What the exercise asks: Go through the records, and copy each line in which the string "header" is present.

Records excerpted from a collection
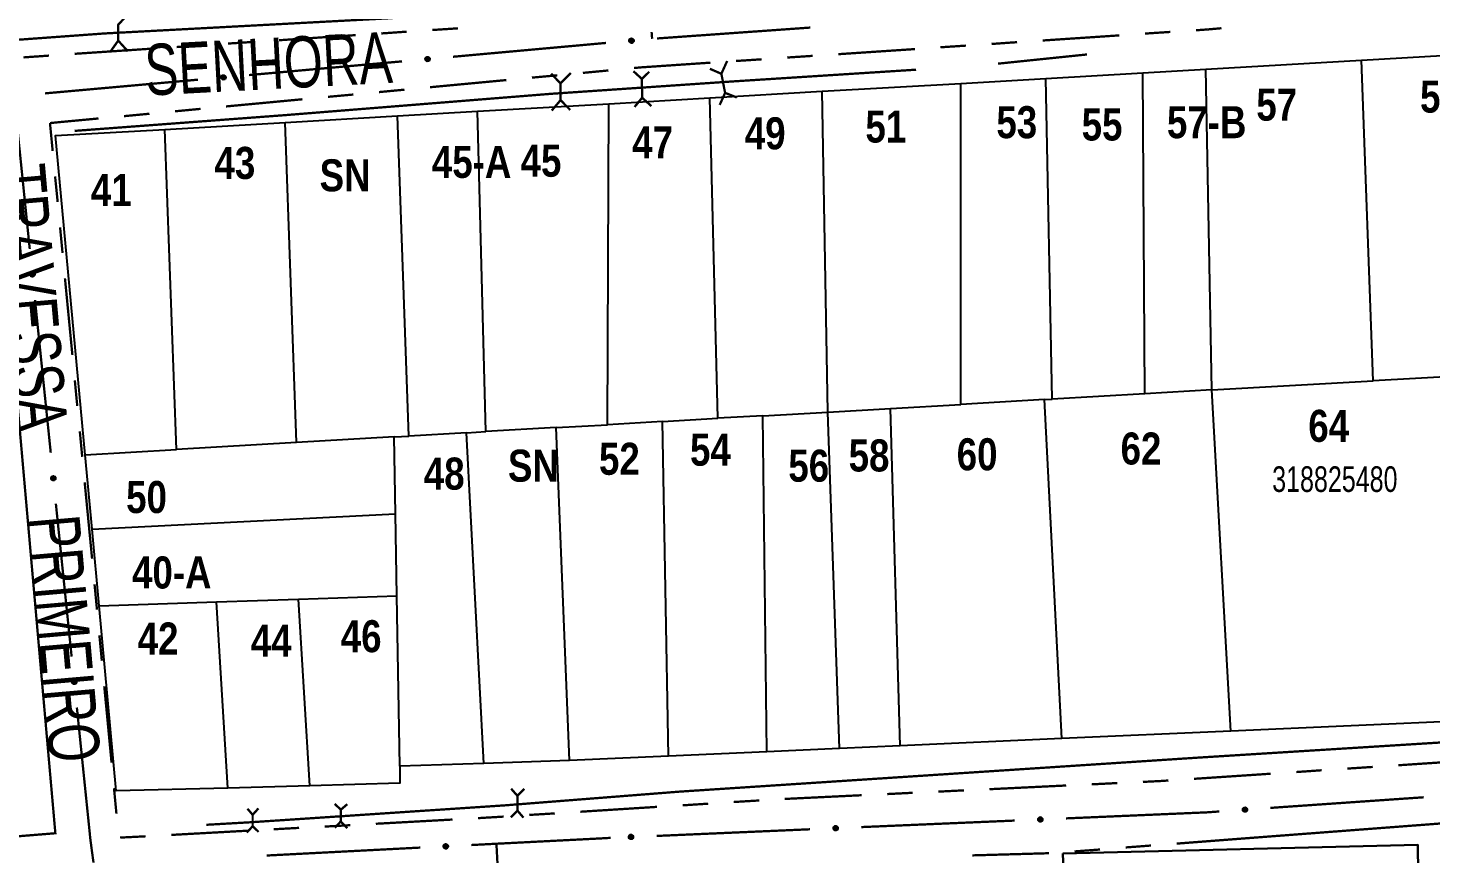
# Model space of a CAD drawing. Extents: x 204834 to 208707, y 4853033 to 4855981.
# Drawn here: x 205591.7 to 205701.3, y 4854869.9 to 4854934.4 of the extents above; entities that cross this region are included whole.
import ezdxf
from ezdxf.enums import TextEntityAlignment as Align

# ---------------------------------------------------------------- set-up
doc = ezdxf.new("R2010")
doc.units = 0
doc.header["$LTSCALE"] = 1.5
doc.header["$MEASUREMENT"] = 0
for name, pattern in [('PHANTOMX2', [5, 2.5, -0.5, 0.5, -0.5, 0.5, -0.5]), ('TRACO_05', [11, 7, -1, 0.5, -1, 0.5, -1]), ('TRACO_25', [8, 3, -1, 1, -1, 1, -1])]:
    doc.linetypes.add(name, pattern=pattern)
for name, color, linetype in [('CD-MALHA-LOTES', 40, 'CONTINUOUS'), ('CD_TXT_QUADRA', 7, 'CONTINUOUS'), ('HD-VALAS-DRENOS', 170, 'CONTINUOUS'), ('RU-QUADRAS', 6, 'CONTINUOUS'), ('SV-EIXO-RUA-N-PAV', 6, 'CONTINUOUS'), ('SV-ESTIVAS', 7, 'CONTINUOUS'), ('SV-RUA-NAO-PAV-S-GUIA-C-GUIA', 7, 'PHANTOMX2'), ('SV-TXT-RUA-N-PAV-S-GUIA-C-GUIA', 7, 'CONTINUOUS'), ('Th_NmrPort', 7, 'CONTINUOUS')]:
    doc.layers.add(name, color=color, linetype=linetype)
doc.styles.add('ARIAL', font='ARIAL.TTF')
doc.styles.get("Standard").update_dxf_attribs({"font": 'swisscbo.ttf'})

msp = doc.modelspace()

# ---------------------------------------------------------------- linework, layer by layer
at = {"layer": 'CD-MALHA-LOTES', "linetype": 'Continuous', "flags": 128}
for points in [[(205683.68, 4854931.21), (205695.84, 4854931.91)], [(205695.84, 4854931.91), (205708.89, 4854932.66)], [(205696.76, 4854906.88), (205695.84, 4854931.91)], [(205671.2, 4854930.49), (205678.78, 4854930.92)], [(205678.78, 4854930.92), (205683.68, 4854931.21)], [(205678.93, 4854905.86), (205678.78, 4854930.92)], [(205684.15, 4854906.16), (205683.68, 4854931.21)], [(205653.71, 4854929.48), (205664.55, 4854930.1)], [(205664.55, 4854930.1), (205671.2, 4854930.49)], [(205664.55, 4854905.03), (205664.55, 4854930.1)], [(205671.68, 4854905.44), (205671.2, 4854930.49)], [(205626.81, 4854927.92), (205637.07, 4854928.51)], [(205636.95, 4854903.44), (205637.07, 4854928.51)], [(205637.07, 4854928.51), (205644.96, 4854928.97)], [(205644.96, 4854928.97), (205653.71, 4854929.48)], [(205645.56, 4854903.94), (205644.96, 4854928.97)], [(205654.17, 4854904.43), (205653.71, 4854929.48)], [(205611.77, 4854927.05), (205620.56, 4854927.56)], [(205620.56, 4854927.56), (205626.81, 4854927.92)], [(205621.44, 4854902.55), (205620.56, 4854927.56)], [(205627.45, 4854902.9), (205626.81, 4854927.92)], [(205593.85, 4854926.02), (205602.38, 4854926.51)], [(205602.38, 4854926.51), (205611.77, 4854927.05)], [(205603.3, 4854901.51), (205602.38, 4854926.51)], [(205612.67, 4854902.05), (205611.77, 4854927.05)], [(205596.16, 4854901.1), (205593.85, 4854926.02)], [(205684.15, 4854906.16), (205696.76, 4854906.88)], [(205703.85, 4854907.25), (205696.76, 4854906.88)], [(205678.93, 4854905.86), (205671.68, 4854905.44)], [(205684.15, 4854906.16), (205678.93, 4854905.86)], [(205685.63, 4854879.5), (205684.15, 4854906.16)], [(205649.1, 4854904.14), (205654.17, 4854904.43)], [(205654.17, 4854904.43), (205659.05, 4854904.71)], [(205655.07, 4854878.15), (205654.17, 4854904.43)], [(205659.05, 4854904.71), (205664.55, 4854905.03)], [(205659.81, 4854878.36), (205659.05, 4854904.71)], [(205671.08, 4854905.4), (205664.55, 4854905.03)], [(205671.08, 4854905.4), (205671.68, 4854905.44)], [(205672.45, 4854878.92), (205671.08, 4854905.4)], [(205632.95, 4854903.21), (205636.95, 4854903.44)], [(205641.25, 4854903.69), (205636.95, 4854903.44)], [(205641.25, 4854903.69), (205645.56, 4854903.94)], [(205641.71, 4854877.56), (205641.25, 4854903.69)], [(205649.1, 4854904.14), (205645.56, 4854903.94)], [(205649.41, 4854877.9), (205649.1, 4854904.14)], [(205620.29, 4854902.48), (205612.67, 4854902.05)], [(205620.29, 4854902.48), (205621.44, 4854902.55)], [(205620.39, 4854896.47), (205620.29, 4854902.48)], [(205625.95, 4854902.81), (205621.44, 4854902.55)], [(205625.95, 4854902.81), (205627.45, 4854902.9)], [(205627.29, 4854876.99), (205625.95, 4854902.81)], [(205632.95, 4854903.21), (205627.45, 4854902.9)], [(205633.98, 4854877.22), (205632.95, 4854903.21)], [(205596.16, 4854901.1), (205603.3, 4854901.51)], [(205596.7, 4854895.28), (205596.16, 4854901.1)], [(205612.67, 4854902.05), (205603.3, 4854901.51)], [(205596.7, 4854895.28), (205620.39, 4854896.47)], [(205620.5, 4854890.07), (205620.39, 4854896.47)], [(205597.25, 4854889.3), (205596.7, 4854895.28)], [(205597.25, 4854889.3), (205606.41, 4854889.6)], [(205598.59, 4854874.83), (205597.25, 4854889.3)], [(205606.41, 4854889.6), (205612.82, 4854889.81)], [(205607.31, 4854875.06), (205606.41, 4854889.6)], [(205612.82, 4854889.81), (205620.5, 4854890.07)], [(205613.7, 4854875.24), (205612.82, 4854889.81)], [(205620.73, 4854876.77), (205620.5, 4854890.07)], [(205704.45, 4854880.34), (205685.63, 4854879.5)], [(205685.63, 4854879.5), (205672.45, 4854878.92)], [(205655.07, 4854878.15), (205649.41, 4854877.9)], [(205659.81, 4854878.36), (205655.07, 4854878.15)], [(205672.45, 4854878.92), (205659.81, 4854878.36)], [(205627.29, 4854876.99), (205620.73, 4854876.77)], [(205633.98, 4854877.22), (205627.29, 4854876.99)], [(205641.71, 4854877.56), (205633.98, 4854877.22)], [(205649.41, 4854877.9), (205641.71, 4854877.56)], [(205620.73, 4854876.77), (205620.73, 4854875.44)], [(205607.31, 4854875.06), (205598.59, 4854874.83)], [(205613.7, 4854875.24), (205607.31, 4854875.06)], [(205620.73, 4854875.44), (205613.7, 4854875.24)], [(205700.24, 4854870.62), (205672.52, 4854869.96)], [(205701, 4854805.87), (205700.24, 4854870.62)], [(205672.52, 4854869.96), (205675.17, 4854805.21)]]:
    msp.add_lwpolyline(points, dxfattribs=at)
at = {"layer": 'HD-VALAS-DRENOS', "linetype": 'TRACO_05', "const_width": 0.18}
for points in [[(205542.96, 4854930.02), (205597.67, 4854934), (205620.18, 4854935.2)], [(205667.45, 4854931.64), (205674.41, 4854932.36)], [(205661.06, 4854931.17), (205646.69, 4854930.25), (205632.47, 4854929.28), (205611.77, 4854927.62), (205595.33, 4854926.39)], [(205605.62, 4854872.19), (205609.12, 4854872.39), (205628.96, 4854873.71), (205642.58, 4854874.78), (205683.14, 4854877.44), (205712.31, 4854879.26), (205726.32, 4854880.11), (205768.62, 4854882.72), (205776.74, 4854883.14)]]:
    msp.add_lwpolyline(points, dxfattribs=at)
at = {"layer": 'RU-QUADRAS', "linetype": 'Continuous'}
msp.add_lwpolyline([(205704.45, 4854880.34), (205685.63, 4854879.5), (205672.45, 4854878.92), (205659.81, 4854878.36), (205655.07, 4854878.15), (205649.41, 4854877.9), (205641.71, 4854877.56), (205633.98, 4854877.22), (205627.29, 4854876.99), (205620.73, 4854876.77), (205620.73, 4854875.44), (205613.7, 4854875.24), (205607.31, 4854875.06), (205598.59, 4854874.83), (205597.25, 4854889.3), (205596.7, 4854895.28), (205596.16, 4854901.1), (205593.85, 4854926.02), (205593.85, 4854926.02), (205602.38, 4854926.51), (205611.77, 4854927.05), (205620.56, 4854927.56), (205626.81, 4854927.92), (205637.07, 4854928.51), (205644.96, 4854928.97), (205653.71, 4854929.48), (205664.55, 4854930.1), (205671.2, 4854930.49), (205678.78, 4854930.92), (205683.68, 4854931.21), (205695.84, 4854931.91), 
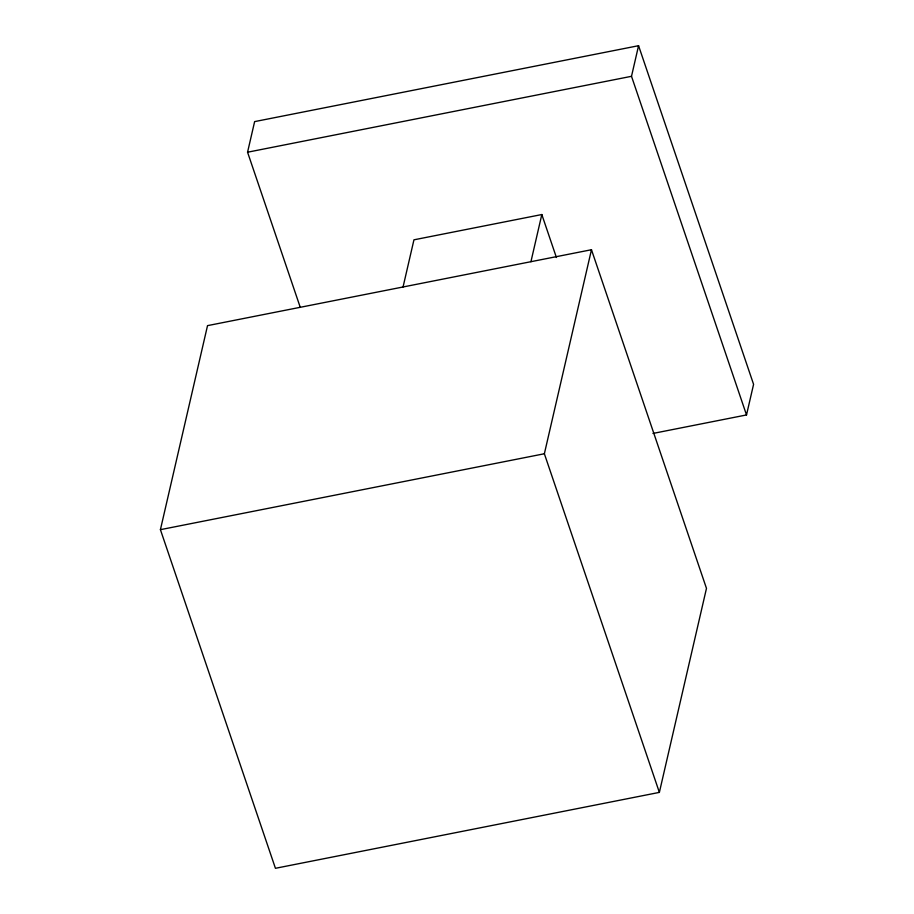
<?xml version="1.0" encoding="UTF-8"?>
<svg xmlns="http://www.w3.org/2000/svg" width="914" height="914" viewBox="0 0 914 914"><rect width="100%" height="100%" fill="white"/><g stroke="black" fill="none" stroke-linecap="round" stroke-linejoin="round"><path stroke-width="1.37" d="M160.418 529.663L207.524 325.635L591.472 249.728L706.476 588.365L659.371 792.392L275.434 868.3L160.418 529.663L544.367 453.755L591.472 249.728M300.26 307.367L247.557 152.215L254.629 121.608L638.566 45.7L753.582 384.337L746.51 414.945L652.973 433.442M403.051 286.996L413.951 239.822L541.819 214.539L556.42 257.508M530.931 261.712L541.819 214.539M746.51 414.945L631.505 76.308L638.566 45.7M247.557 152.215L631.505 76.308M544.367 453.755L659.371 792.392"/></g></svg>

Solved exercise:
doc.header["$LTSCALE"] = 1.5
doc.header["$MEASUREMENT"] = 0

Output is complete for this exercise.